After training and testing our model, we are now ready to deploy it to production. MLflow allows you to serve your model using MLServer, which is already used as the core Python inference server in Kubernetes-native frameworks including Seldon Core and KServe (formerly known as KFServing). Therefore, we can leverage this support to build a Docker image compatible with these frameworks.

Note

Note that this an optional step, which is currently only available for Python models. Besides this, it’s also worth noting that:

  • This feature is experimental and is subject to change.

  • MLServer requires Python 3.7 or above.

  • This step requires some basic Kubernetes knowledge, including familiarity with kubectl.

To build a Docker image containing our model, we can use the mlflow models build-docker subcommand, alongside the --enable-mlserver flag. For example, to build a image named my-docker-image, we could do:

mlflow models build-docker \
  -m /Users/mlflow/mlflow-prototype/mlruns/0/7c1a0d5c42844dcdb8f5191146925174/artifacts/model \
  -n my-docker-image \
  --enable-mlserver

Once we have our image built, the next step will be to deploy it to our cluster. One way to do this is by applying the respective Kubernetes manifests through the kubectl CLI:

kubectl apply -f my-manifest.yaml

This step assumes that you’ve got kubectl access to a Kubernetes cluster already setup with Seldon Core. To read more on how to set this up, you can refer to the Seldon Core quickstart guide.
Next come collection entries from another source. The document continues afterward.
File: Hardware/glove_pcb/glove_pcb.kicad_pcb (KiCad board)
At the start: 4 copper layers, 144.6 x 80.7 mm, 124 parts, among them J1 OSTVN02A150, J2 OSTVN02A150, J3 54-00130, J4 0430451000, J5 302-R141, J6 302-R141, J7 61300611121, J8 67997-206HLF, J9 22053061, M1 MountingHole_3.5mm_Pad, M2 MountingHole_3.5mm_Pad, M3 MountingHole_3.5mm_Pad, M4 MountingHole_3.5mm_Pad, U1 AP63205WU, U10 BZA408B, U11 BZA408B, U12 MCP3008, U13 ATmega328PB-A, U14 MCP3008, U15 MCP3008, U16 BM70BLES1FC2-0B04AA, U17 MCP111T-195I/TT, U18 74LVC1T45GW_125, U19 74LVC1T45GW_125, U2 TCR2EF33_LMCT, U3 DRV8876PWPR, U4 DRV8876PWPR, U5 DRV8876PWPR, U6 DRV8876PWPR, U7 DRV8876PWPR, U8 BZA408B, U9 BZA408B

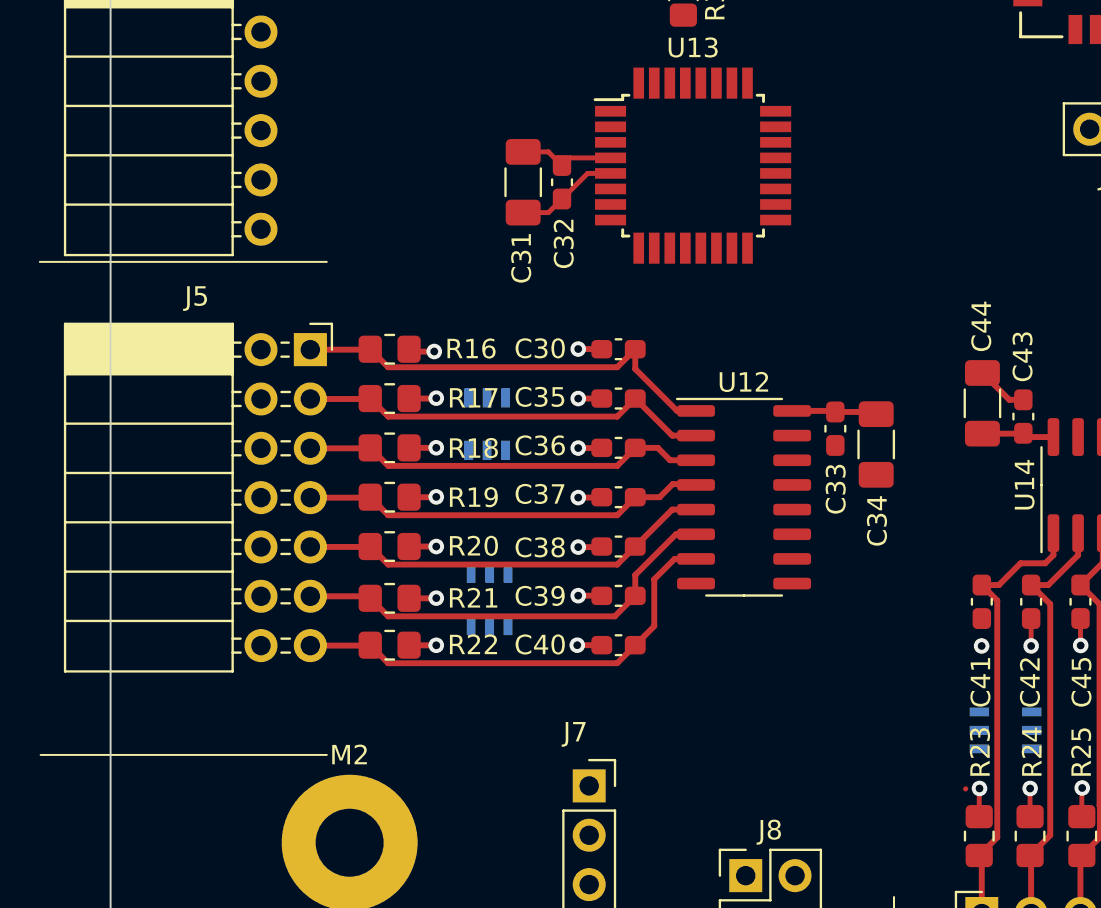
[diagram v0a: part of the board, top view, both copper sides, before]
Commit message: Minor footprint and routing fixes
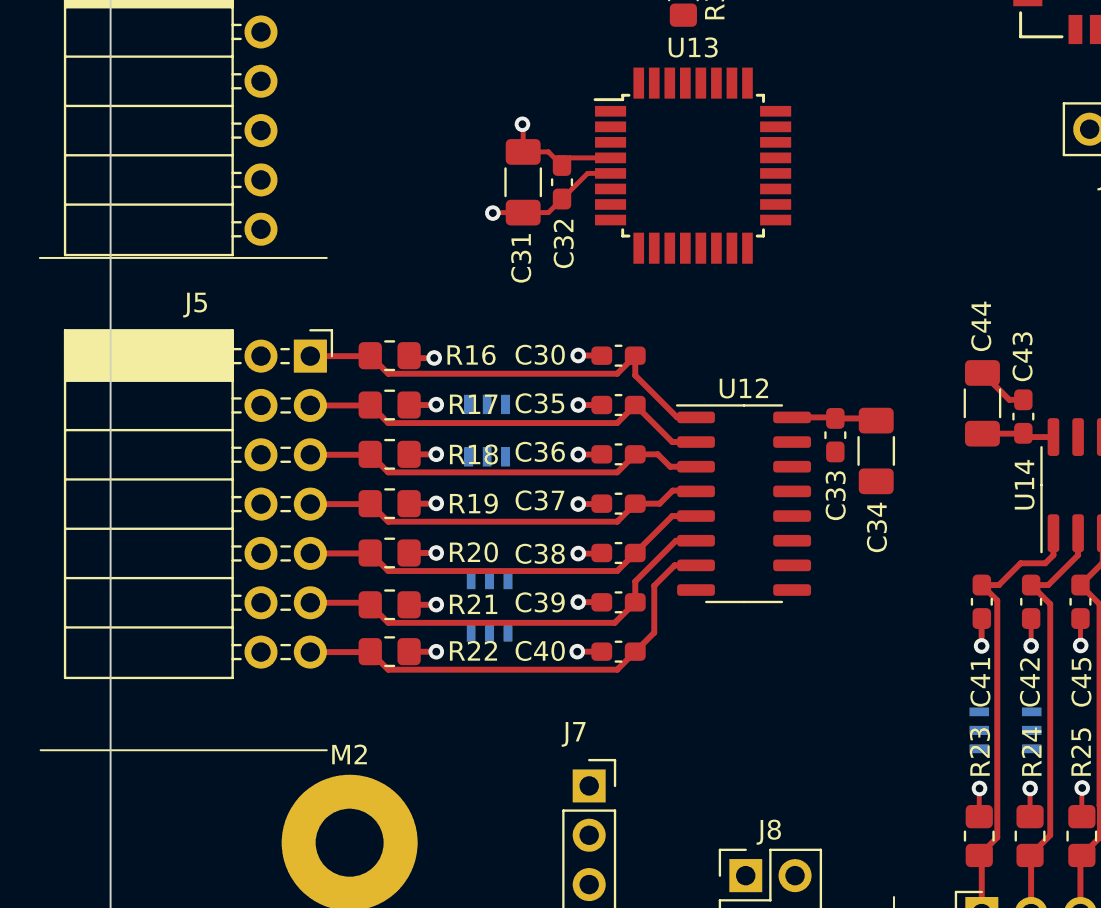
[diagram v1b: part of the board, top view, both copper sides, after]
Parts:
- moved C30 0.33 mm to (94.6, 95.7)
- moved C33 0.33 mm to (105.8, 99.8)
- moved C34 0.33 mm to (107.9, 100.6)
- moved C35 0.33 mm to (94.6, 98.3)
- moved C36 0.33 mm to (94.6, 100.8)
- moved C37 0.33 mm to (94.6, 103.4)
- moved C38 0.33 mm to (94.6, 105.9)
- moved C39 0.33 mm to (94.6, 108.4)
- moved C40 0.33 mm to (94.6, 111.0)
- moved J5 0.33 mm to (78.5, 95.8)
- moved R16 0.33 mm to (82.8, 95.7)
- moved R17 0.33 mm to (82.8, 98.3)
- moved R18 0.33 mm to (82.8, 100.8)
- moved R19 0.33 mm to (82.8, 103.4)
- moved R20 0.33 mm to (82.8, 105.9)
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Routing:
- net GND: track 51.4 -> 54.6 mm, vias 16 -> 17
- net +5V: track 64.8 -> 66.5 mm, vias 17 -> 18

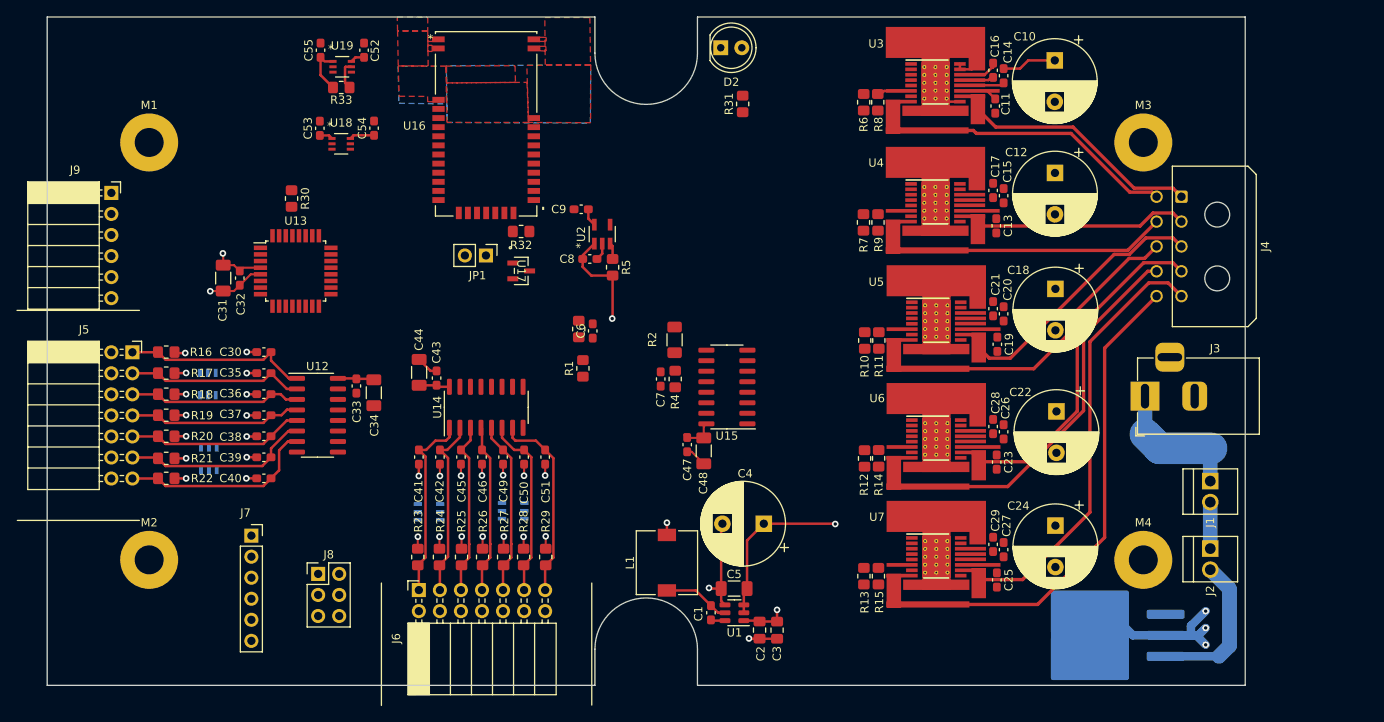
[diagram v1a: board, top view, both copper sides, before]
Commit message: Did the Routing for PCB
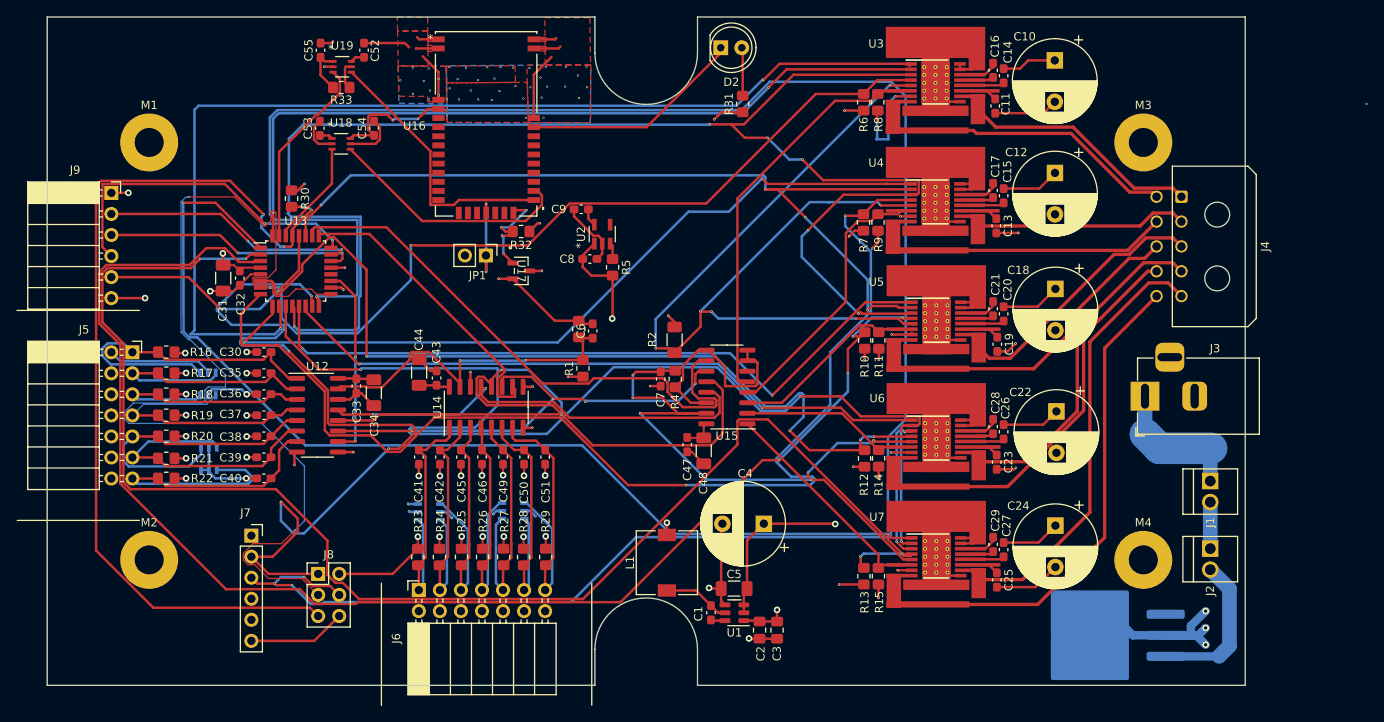
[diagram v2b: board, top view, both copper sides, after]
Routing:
- net MOSI: track 0.00 -> 262.3 mm, vias 0 -> 4
- net GND: track 54.6 -> 294.6 mm, vias 17 -> 48
- net UC_PERIPHERAL_SLEEP_RESET: track 0.00 -> 200.0 mm, vias 0 -> 8
- net MOTOR_AREF: track 0.00 -> 193.4 mm, vias 0 -> 12
- net MOTOR5_FAULT: track 0.00 -> 175.2 mm, vias 0 -> 4
- net MOTOR3_FAULT: track 0.00 -> 170.2 mm, vias 0 -> 4
- net MOTOR2_FAULT: track 0.00 -> 139.8 mm, vias 0 -> 2
- net UC_MOTOR_PH3: track 0.00 -> 135.0 mm, vias 0 -> 4
- net OC0A: track 0.00 -> 130.5 mm, vias 0 -> 2
- net SCK: track 0.00 -> 128.1 mm, vias 0 -> 2
- net OC2B: track 0.00 -> 125.4 mm, vias 0 -> 2
- net MISO1: track 0.00 -> 116.5 mm, vias 0 -> 4
- net RST: track 0.00 -> 110.6 mm, vias 0 -> 4
- net MOTOR4_FAULT: track 0.00 -> 108.4 mm, vias 0 -> 4
- net UC_MOTOR_PH2: track 0.00 -> 105.1 mm, vias 0 -> 4
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
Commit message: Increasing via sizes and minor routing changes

apiVersion: machinelearning.seldon.io/v1
kind: SeldonDeployment
metadata:
  name: mlflow-model
spec:
  predictors:
    - name: default
      annotations:
        seldon.io/no-engine: "true"
      graph:
        name: mlflow-model
        type: MODEL
      componentSpecs:
        - spec:
            containers:
              - name: mlflow-model
                image: my-docker-image
                imagePullPolicy: IfNotPresent
                securityContext:
                  runAsUser: 0
                ports:
                  - containerPort: 8080
                    name: http
                    protocol: TCP
                  - containerPort: 8081
                    name: grpc
                    protocol: TCP

This step assumes that you’ve got kubectl access to a Kubernetes cluster already setup with KServe. To read more on how to set this up, you can refer to the KServe quickstart guide.

apiVersion: serving.kserve.io/v1beta1
kind: InferenceService
metadata:
  name: mlflow-model
spec:
  predictor:
    containers:
      - name: mlflow-model
        image: my-docker-image
        ports:
          - containerPort: 8080
            protocol: TCP
        env:
          - name: PROTOCOL
            value: v2

More Resources

Congratulations on finishing the tutorial! For more reading, see MLflow Tracking, MLflow Projects, MLflow Models, and more.

1
  1. Cortez, A. Cerdeira, F. Almeida, T. Matos and J. Reis. Modeling wine preferences by data mining from physicochemical properties. In Decision Support Systems, Elsevier, 47(4):547-553, 2009.